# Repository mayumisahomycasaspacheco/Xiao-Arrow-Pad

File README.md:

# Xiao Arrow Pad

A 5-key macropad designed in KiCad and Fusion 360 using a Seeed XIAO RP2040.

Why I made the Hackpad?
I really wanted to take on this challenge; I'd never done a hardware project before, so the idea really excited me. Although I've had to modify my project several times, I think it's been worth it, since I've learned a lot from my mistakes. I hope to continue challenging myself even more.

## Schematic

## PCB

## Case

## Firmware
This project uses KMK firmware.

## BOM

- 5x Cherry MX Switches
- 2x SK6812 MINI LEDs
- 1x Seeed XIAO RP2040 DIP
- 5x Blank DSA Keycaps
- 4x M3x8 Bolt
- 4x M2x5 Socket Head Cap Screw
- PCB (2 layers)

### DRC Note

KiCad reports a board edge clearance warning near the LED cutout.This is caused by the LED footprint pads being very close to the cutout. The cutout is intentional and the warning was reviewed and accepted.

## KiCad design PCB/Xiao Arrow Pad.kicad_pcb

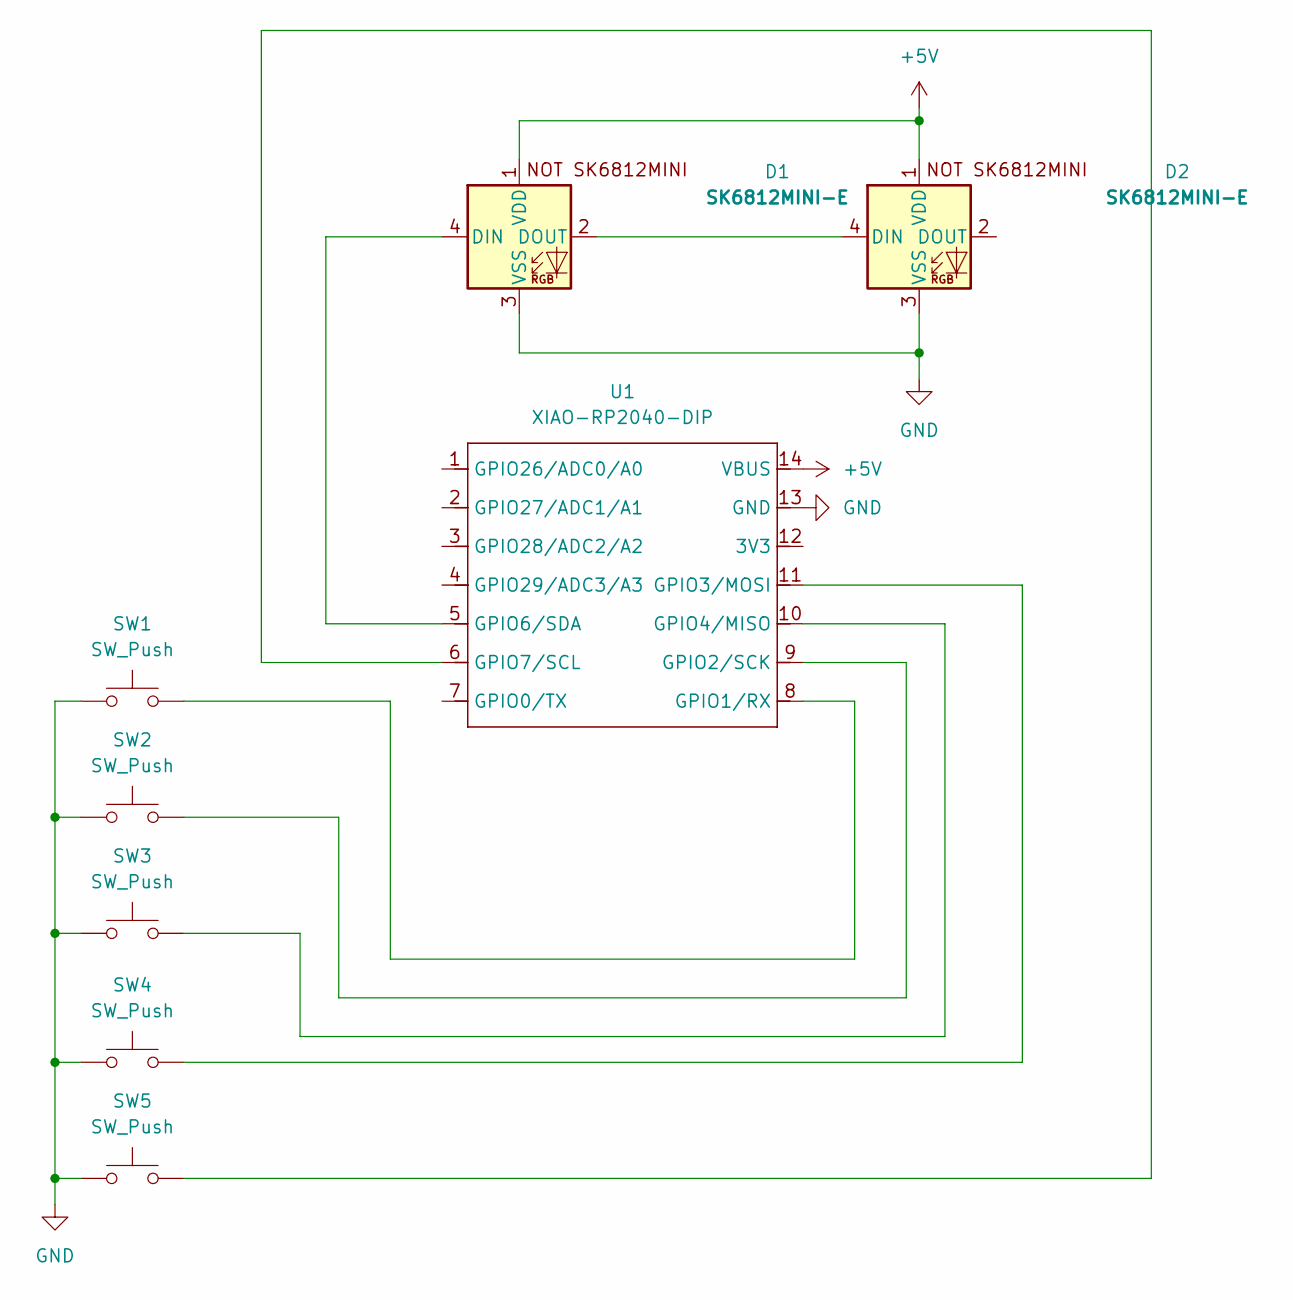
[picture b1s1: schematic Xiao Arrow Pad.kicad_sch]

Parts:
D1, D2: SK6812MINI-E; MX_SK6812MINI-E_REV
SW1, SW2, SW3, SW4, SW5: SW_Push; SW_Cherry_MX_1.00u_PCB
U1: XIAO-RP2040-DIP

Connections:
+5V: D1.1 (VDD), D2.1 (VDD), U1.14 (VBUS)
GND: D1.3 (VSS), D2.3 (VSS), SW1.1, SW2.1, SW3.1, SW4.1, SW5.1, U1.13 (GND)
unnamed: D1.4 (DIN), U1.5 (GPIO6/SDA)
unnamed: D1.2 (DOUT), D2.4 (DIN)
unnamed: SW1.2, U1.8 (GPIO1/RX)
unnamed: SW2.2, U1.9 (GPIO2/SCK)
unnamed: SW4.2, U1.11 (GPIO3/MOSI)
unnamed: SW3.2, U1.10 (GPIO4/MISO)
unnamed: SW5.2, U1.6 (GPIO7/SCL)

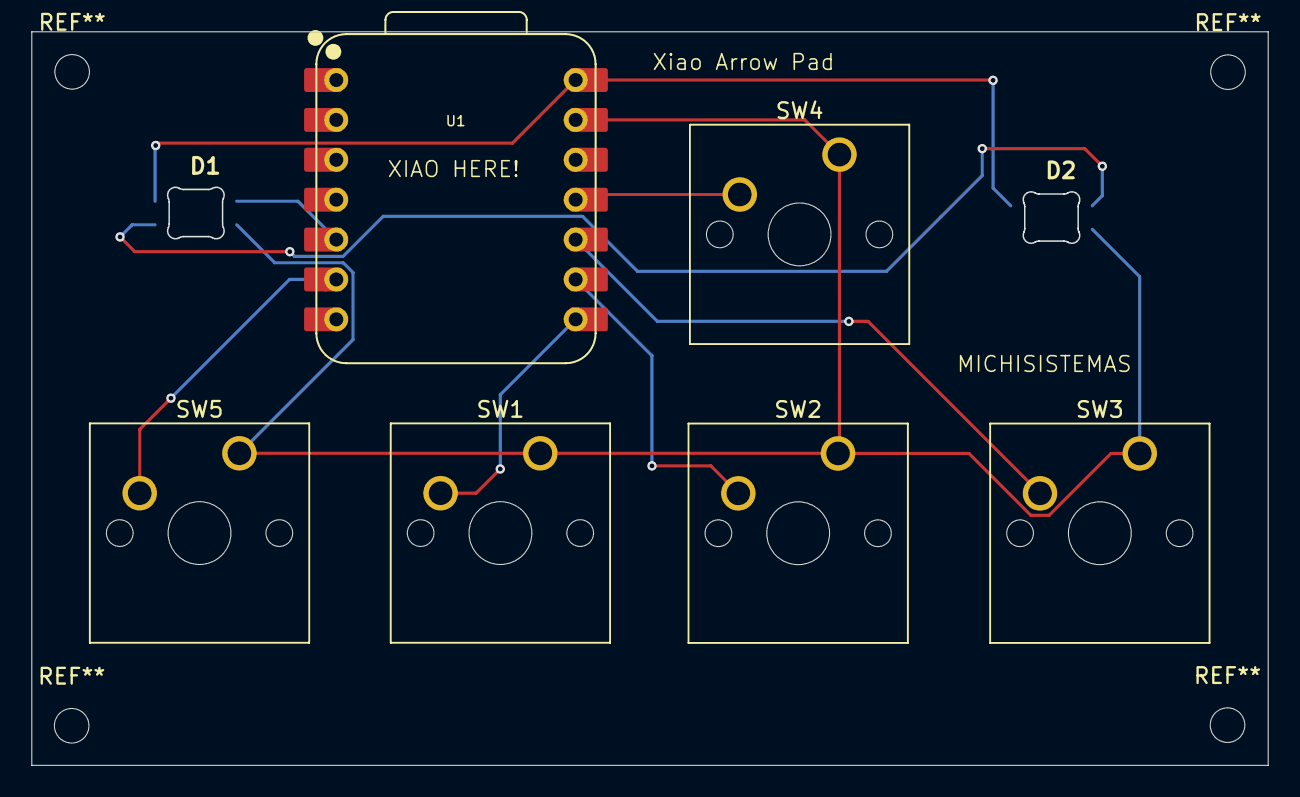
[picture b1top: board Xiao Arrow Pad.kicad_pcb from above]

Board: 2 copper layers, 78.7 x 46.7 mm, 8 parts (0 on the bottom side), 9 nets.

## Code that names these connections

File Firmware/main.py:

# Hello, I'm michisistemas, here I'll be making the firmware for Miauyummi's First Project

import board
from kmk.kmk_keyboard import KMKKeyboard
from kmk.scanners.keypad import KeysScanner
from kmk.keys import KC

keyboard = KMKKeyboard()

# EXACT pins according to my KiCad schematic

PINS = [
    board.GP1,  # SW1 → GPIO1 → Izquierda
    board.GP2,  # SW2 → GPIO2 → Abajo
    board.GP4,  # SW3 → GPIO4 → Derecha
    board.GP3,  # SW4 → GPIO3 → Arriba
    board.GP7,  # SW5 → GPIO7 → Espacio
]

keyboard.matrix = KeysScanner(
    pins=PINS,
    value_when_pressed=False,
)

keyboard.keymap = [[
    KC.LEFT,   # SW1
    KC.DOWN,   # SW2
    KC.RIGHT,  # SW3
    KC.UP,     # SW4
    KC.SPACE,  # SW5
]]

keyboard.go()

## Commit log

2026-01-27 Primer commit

◆ ◆ ◆ ◆ ◆ ◆ ◆

● **Work task**:
Word for word, restate the lines of the listing above starting at the line with "[picture b1top: board" and ending at the line with "## Code that names these connections", and nothing outside them.

● **Result for this exercise**:
[picture b1top: board Xiao Arrow Pad.kicad_pcb from above]

Board: 2 copper layers, 78.7 x 46.7 mm, 8 parts (0 on the bottom side), 9 nets.

## Code that names these connections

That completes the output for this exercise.